_What to work on_
With pictures left out, retype the lines from the start of the records through the one that contains "for name, pattern".

_Input for this task_
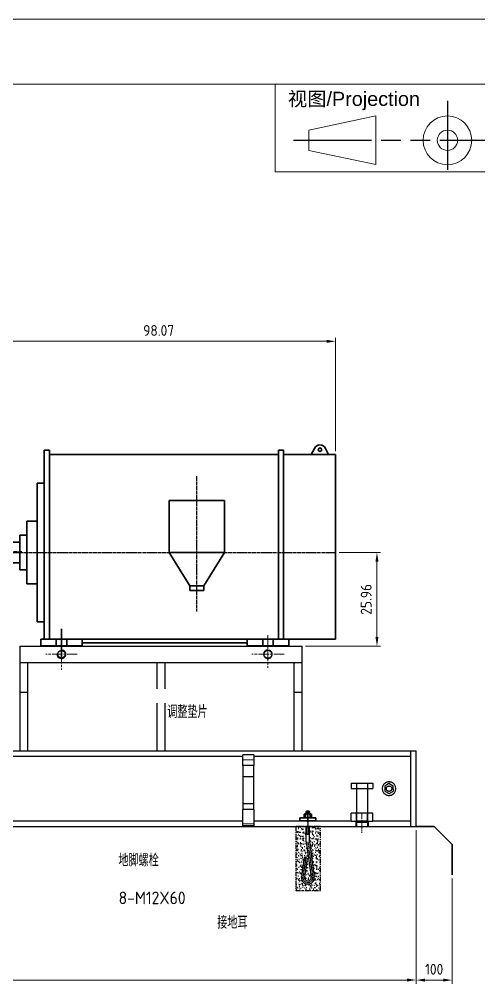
# Model space of a CAD drawing. Header units: millimetres. Extents: x 1235 to 3468, y -658 to 307.
# Drawn here: x 2153.1 to 2280.4, y -390.8 to -123.5 of the extents above; entities that cross this region are included whole.
import ezdxf

# ---------------------------------------------------------------- set-up
doc = ezdxf.new("R2010")
doc.units = ezdxf.units.MM
for name, pattern in [('AM_ISO09W050', [22.5, 12, -1.5, 3, -1.5, 3, -1.5]), ('CENTRE', [1.125, 0.75, -0.125, 0.125, -0.125]), ('CHAIN', [0.3543, 0.2362, -0.0295, 0.0591, -0.0295]), ('DASHED', [0.75, 0.5, -0.25]), ('K', [2.5, 1.25, -0.25, 0.25, -0.25, 0.25, -0.25]), ('SOLID_THICK', [0]), ('SOLID_THIN', [0])]:
    doc.linetypes.add(name, pattern=pattern)
doc.layers.get('0').update_dxf_attribs({"color": 255, "lineweight": 30})
doc.layers.get('Defpoints').update_dxf_attribs({"color": 255})
for name, color, linetype in [('02', 1, 'Continuous'), ('07', 6, 'K'), ('11', 3, 'Continuous')]:
    doc.layers.add(name, color=color, linetype=linetype)
for name, color, linetype, lineweight in [('AM_0', 7, 'Continuous', 30), ('AM_5', 90, 'Continuous', 20), ('AM_7', 4, 'AM_ISO09W050', 25), ('AM_BOR', 7, 'Continuous', 50), ('Visible Narrow (ISO)-1', 7, 'Continuous', 25), ('中心标记 (ISO)', 7, 'Continuous', 18), ('中心线 (ISO)', 7, 'Continuous', 18), ('可见 (ISO)', 7, 'Continuous', 25), ('隐藏 (ISO)', 7, 'DASHED', 25), ('隐藏窄的 (ISO)', 7, 'DASHED', 18)]:
    doc.layers.add(name, color=color, linetype=linetype, lineweight=lineweight)
doc.styles.get("Standard").update_dxf_attribs({"font": 'ISOCP.SHX', "bigfont": 'gbcbig.shx'})
doc.styles.add('Sulzer', font='arial.ttf', dxfattribs={"height": 4})
doc.dimstyles.new('AM_ISO$0', dxfattribs={"dimtxt": 3, "dimasz": 2.5, "dimexe": 1, "dimexo": 1, "dimgap": 1.5, "dimtad": 1, "dimdsep": 46, "dimtxsty": 'Standard', "dimcen": 0, "dimclrd": 256, "dimclre": 256, "dimclrt": 2, "dimadec": 0, "dimazin": 2, "dimtp": 0.1, "dimtm": 0.1, "dimtfac": 0.71, "dimtmove": 0, "dimatfit": 3, "dimfxl": 1, "dimlwd": -1, "dimlwe": -1, "dimarcsym": 1})

# ---------------------------------------------------------------- blocks, each defined once
blk = doc.blocks.new('sulzer_ga')
blk.add_line((410, 287), (10, 287))
at = {"layer": 'AM_BOR', "color": 1, "lineweight": 15}
blk.add_line((0, 297), (420, 297), dxfattribs=at)
blk = doc.blocks.new('sulzer_GA_title_图面信息')
at = {"color": 1}
for p, q in [((-145, -13.5), (-145, 0)), ((-110, -13.5), (-110, 0))]:
    blk.add_line(p, q, dxfattribs=at)
at = {"layer": 'AM_5'}
for p, q in [((-145, 0), (0, 0)), ((0, 0), (0, -13.5)), ((-110, -13.5), (-110, 0)), ((-75, -13.5), (-75, 0)), ((-55, -13.5), (-55, 0)), ((-35, -13.5), (-35, 0)), ((-139.84, -7.07), (-129.51, -4.88)), ((-129.51, -4.88), (-129.51, -8.63)), ((-35, -4.5), (0, -4.5)), ((-139.84, -7.07), (-139.84, -8.63)), ((-139.84, -10.19), (-139.84, -8.63)), ((-129.51, -12.38), (-129.51, -8.63)), ((-139.84, -10.19), (-129.51, -12.38)), ((-55, -9), (-35, -9)), ((-145, -13.5), (0, -13.5))]:
    blk.add_line(p, q, dxfattribs=at)
for radius in [3.75, 1.56]:
    blk.add_circle((-118.48, -8.63), radius, dxfattribs=at)
at = {"layer": 'AM_7'}
for p, q in [((-118.48, -2.53), (-118.48, -13.18)), ((-142.16, -8.63), (-111.59, -8.63))]:
    blk.add_line(p, q, dxfattribs=at)
at = {"layer": 'AM_BOR', "color": 1, "lineweight": 15, "style": 'Sulzer'}
for s, height, p in [('视图/Projection ', 2.1792, (-143.04, -3.34)), ('无特殊说明尺寸为：毫米 ', 2.1792, (-109.48, -3.34)), ('页码', 2.179, (-48.52, -3.34)), ('该外形图号/GA dwg No.', 2.1792, (-33.75, -3.25)), ('无比例尺', 2.615, (-71.85, -5.59)), ('UNLESS SPECIFIED ', 2.1792, (-109.48, -7.3)), ('Page No.', 2.179, (-50.23, -7.66)), ('DIMENSIONS: MM', 2.1792, (-109.48, -10.85)), (' NO SCALE', 2.179, (-73.15, -10.86))]:
    blk.add_text(s, height=height, dxfattribs=at).set_placement(p)
at = {"layer": 'AM_BOR', "color": 2, "lineweight": 15, "style": 'Sulzer'}
for tag, p in [('外形图图号', (-32.6, -11.07)), ('页码', (-48.9, -12.59))]:
    blk.add_attdef(tag, p, '', height=2.61, dxfattribs=at)
blk = doc.blocks.new('*D159')
at = {"layer": 'AM_5', "transparency": 16777216}
for p, q in [((1963.01, -348.2), (1963.01, -390.73)), ((2263.01, -348.2), (2263.01, -390.73)), ((1965.51, -389.73), (2260.51, -389.73))]:
    blk.add_line(p, q, dxfattribs=at)
for points in [[(1965.51, -389.31), (1965.51, -390.15), (1963.01, -389.73)], [(2260.51, -389.31), (2260.51, -390.15), (2263.01, -389.73)]]:
    blk.add_solid(points, dxfattribs=at)
at = {"layer": 'Defpoints', "color": 0, "transparency": 16777216}
for p in [(1963.01, -347.2), (2263.01, -347.2), (2263.01, -389.73)]:
    blk.add_point(p, dxfattribs=at)
at = {"layer": 'AM_5', "color": 2, "transparency": 16777216, "insert": (2110.97, -386.73), "char_height": 3, "attachment_point": 5}
blk.add_mtext('300', dxfattribs=at)
blk = doc.blocks.new('*D165')
at = {"layer": 'AM_5', "transparency": 16777216}
for p, q in [((2142.63, -260.77), (2142.63, -211.74)), ((2145.13, -212.74), (2238.2, -212.74)), ((2240.7, -243.15), (2240.7, -211.74))]:
    blk.add_line(p, q, dxfattribs=at)
for points in [[(2145.13, -212.33), (2145.13, -213.16), (2142.63, -212.74)], [(2238.2, -212.33), (2238.2, -213.16), (2240.7, -212.74)]]:
    blk.add_solid(points, dxfattribs=at)
at = {"layer": 'Defpoints', "color": 0, "transparency": 16777216}
for p in [(2240.7, -212.74), (2240.7, -244.15), (2142.63, -261.77)]:
    blk.add_point(p, dxfattribs=at)
at = {"layer": 'AM_5', "color": 2, "transparency": 16777216, "insert": (2191.67, -209.74), "char_height": 3, "attachment_point": 5}
blk.add_mtext('98.07', dxfattribs=at)
blk = doc.blocks.new('*D168')
at = {"layer": 'AM_5', "transparency": 16777216}
for p, q in [((2241.7, -271.26), (2253.17, -271.26)), ((2252.17, -273.76), (2252.17, -294.72)), ((2232.4, -297.22), (2253.17, -297.22))]:
    blk.add_line(p, q, dxfattribs=at)
for points in [[(2251.75, -273.76), (2252.58, -273.76), (2252.17, -271.26)], [(2251.75, -294.72), (2252.58, -294.72), (2252.17, -297.22)]]:
    blk.add_solid(points, dxfattribs=at)
at = {"layer": 'Defpoints', "color": 0, "transparency": 16777216}
for p in [(2240.7, -271.26), (2231.4, -297.22), (2252.17, -297.22)]:
    blk.add_point(p, dxfattribs=at)
at = {"layer": 'AM_5', "color": 2, "transparency": 16777216, "insert": (2249.17, -284.24), "char_height": 3, "attachment_point": 5, "rotation": 90}
blk.add_mtext('25.96', dxfattribs=at)
blk = doc.blocks.new('*D181')
at = {"layer": 'AM_5', "transparency": 16777216}
for p, q in [((2263.01, -348.2), (2263.01, -390.75)), ((2273.01, -361.63), (2273.01, -390.75)), ((2265.51, -389.75), (2270.51, -389.75))]:
    blk.add_line(p, q, dxfattribs=at)
for points in [[(2265.51, -389.34), (2265.51, -390.17), (2263.01, -389.75)], [(2270.51, -389.34), (2270.51, -390.17), (2273.01, -389.75)]]:
    blk.add_solid(points, dxfattribs=at)
at = {"layer": 'Defpoints', "color": 0, "transparency": 16777216}
for p in [(2263.01, -347.2), (2273.01, -360.63), (2273.01, -389.75)]:
    blk.add_point(p, dxfattribs=at)
at = {"layer": 'AM_5', "color": 2, "transparency": 16777216, "insert": (2268.01, -386.75), "char_height": 3, "attachment_point": 5}
blk.add_mtext('100', dxfattribs=at)

msp = doc.modelspace()

# ---------------------------------------------------------------- hatches: boundary and pattern name
at = {"layer": '11', "linetype": 'SOLID_THIN'}
h = msp.add_hatch(dxfattribs=at)
h.set_pattern_fill('AR-SAND', color=172, scale=0.6, angle=135.00072, style=0)
h.set_pattern_definition([(97.50144, (2179.7204, -488.113), (0.844188, 0.7907775), [0, -0.912, 0, -1.02, 0, -0.975]), (127.5014, (2179.7204, -488.113), (0.446434, 1.948199), [0, -0.492, 0, -0.822, 0, -0.315]), (167.50144, (2180.4584, -488.1129), (-1.318851, 1.323586), [0, -0.3, 0, -1.08, 0, -1.41]), (177.5014, (2180.4584, -488.113), (-0.903067, 1.647735), [0, -0.15, 0, -0.708, 0, -0.81])])
h.paths.add_polyline_path([(2233.903, -361.249, -1.1469092), (2232.11, -361.249), (2232.842, -355.928), (2231.946, -355.805), (2231.214, -361.126, 1.1469092), (2234.8, -361.126), (2233.459, -351.378), (2233.459, -347.221), (2236.51, -347.221), (2236.511, -364.919), (2229.724, -364.919), (2229.724, -347.221), (2232.554, -347.221), (2232.554, -351.44)])

# ---------------------------------------------------------------- linework, layer by layer
for p, q in [((2230.788, -344.744), (2235.225, -344.744)), ((2230.788, -344.744), (2230.788, -345.577)), ((2231.961, -343.81), (2231.961, -344.744)), ((2232.136, -343.717), (2233.869, -343.717)), ((2232.332, -343.81), (2232.332, -344.744)), ((2232.554, -343.039), (2232.649, -342.944)), ((2232.554, -343.039), (2233.459, -343.039)), ((2232.554, -343.717), (2232.554, -343.039)), ((2232.649, -342.944), (2233.363, -342.944)), ((2233.459, -343.039), (2233.363, -342.944)), ((2233.459, -343.717), (2233.459, -343.039)), ((2233.681, -343.81), (2233.681, -344.744)), ((2234.052, -343.81), (2234.052, -344.744)), ((2235.225, -344.744), (2235.225, -345.134))]:
    msp.add_line(p, q)
for centre, radius, start, end in [((2232.146, -343.948), 0.231, 36.65071, 143.35217), ((2233.006, -346.208), 2.491, 74.29101, 105.71187), ((2233.867, -343.948), 0.232, 36.75204, 143.25084)]:
    msp.add_arc(centre, radius, start, end)
at = {"layer": '02'}
for p, q in [((2232.655, -343.717), (2232.655, -342.944)), ((2233.358, -343.717), (2233.358, -342.944)), ((2232.554, -351.44), (2232.554, -347.221)), ((2232.655, -349.284), (2232.655, -347.221)), ((2233.358, -349.284), (2233.358, -347.221)), ((2233.459, -351.378), (2233.459, -347.221)), ((2232.554, -349.284), (2233.459, -349.284)), ((2232.554, -351.44), (2233.903, -361.249)), ((2233.459, -351.378), (2234.8, -361.126)), ((2231.946, -355.805), (2231.214, -361.126)), ((2232.842, -355.928), (2231.946, -355.805)), ((2232.842, -355.928), (2232.11, -361.249))]:
    msp.add_line(p, q, dxfattribs=at)
for radius in [1.81, 0.905]:
    msp.add_arc((2233.007, -361.372), radius, 172.17234, 7.83054, dxfattribs=at)
at = {"layer": '07'}
msp.add_lwpolyline([(2236.51, -347.221), (2229.724, -347.221), (2229.724, -364.919), (2236.511, -364.919)], close=True, dxfattribs=at)
at = {"layer": '11', "color": 172, "linetype": 'CENTRE'}
for p, q in [((2202.243, -287.603), (2202.243, -250.107)), ((2153.723, -271.121), (2104.334, -271.121)), ((2150.027, -271.258), (2194.552, -271.258)), ((2209.935, -271.258), (2240.701, -271.258)), ((2233.006, -345.998), (2233.006, -343.061)), ((2233.007, -343.791), (2233.007, -349.266)), ((2233.007, -351.409), (2234.351, -361.187)), ((2232.394, -355.867), (2231.662, -361.187))]:
    msp.add_line(p, q, dxfattribs=at)
msp.add_arc((2233.007, -361.372), 1.357, 172.17234, 7.83054, dxfattribs=at)
at = {"layer": 'AM_0', "color": 7, "linetype": 'SOLID_THICK'}
for p, q in [((2159.94, -295.294), (2159.94, -242.896)), ((2159.94, -242.896), (2161.382, -242.896)), ((2161.382, -295.294), (2161.382, -242.896)), ((2224.837, -242.896), (2226.279, -242.896)), ((2224.837, -295.294), (2224.837, -242.896)), ((2226.279, -295.294), (2226.279, -242.896)), ((2234.844, -242.4), (2233.971, -244.146)), ((2238.778, -244.146), (2237.905, -242.4)), ((2161.382, -244.146), (2224.837, -244.146)), ((2226.279, -244.146), (2240.701, -244.146)), ((2240.701, -295.294), (2240.701, -244.146)), ((2158.017, -271.258), (2158.017, -252.03)), ((2158.017, -252.03), (2159.94, -252.03)), ((2194.552, -256.837), (2209.935, -256.837)), ((2194.552, -271.258), (2194.552, -256.837)), ((2209.935, -256.837), (2209.935, -271.258)), ((2155.133, -262.605), (2158.017, -262.605)), ((2155.133, -271.258), (2155.133, -262.605)), ((2153.21, -271.258), (2153.21, -266.451)), ((2153.21, -266.451), (2155.133, -266.451)), ((2150.027, -268.374), (2153.21, -268.374)), ((2153.21, -271.258), (2153.21, -276.066)), ((2155.133, -271.258), (2155.133, -279.911)), ((2158.017, -271.258), (2158.017, -290.487)), ((2209.935, -271.258), (2194.552, -271.258)), ((2209.935, -271.258), (2194.552, -271.258)), ((2194.552, -271.258), (2200.321, -280.465)), ((2204.166, -280.465), (2209.935, -271.258)), ((2150.027, -274.143), (2153.21, -274.143)), ((2153.21, -276.066), (2155.133, -276.066)), ((2155.133, -279.911), (2158.017, -279.911)), ((2200.321, -281.834), (2200.321, -280.465)), ((2200.321, -280.465), (2204.166, -280.465)), ((2204.166, -280.465), (2204.166, -281.834)), ((2204.166, -281.834), (2200.321, -281.834)), ((2158.017, -290.487), (2159.94, -290.487)), ((2164.747, -300.102), (2164.747, -292.41)), ((2240.701, -295.294), (2158.978, -295.294)), ((2158.978, -295.294), (2158.978, -297.217)), ((2163.305, -295.352), (2163.305, -297.217)), ((2166.189, -297.217), (2166.189, -295.294)), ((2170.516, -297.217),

_Your solution_
# Model space of a CAD drawing. Header units: millimetres. Extents: x 1235 to 3468, y -658 to 307.
# Drawn here: x 2153.1 to 2280.4, y -390.8 to -123.5 of the extents above; entities that cross this region are included whole.
import ezdxf

# ---------------------------------------------------------------- set-up
doc = ezdxf.new("R2010")
doc.units = ezdxf.units.MM
for name, pattern in [('AM_ISO09W050', [22.5, 12, -1.5, 3, -1.5, 3, -1.5]), ('CENTRE', [1.125, 0.75, -0.125, 0.125, -0.125]), ('CHAIN', [0.3543, 0.2362, -0.0295, 0.0591, -0.0295]), ('DASHED', [0.75, 0.5, -0.25]), ('K', [2.5, 1.25, -0.25, 0.25, -0.25, 0.25, -0.25]), ('SOLID_THICK', [0]), ('SOLID_THIN', [0])]:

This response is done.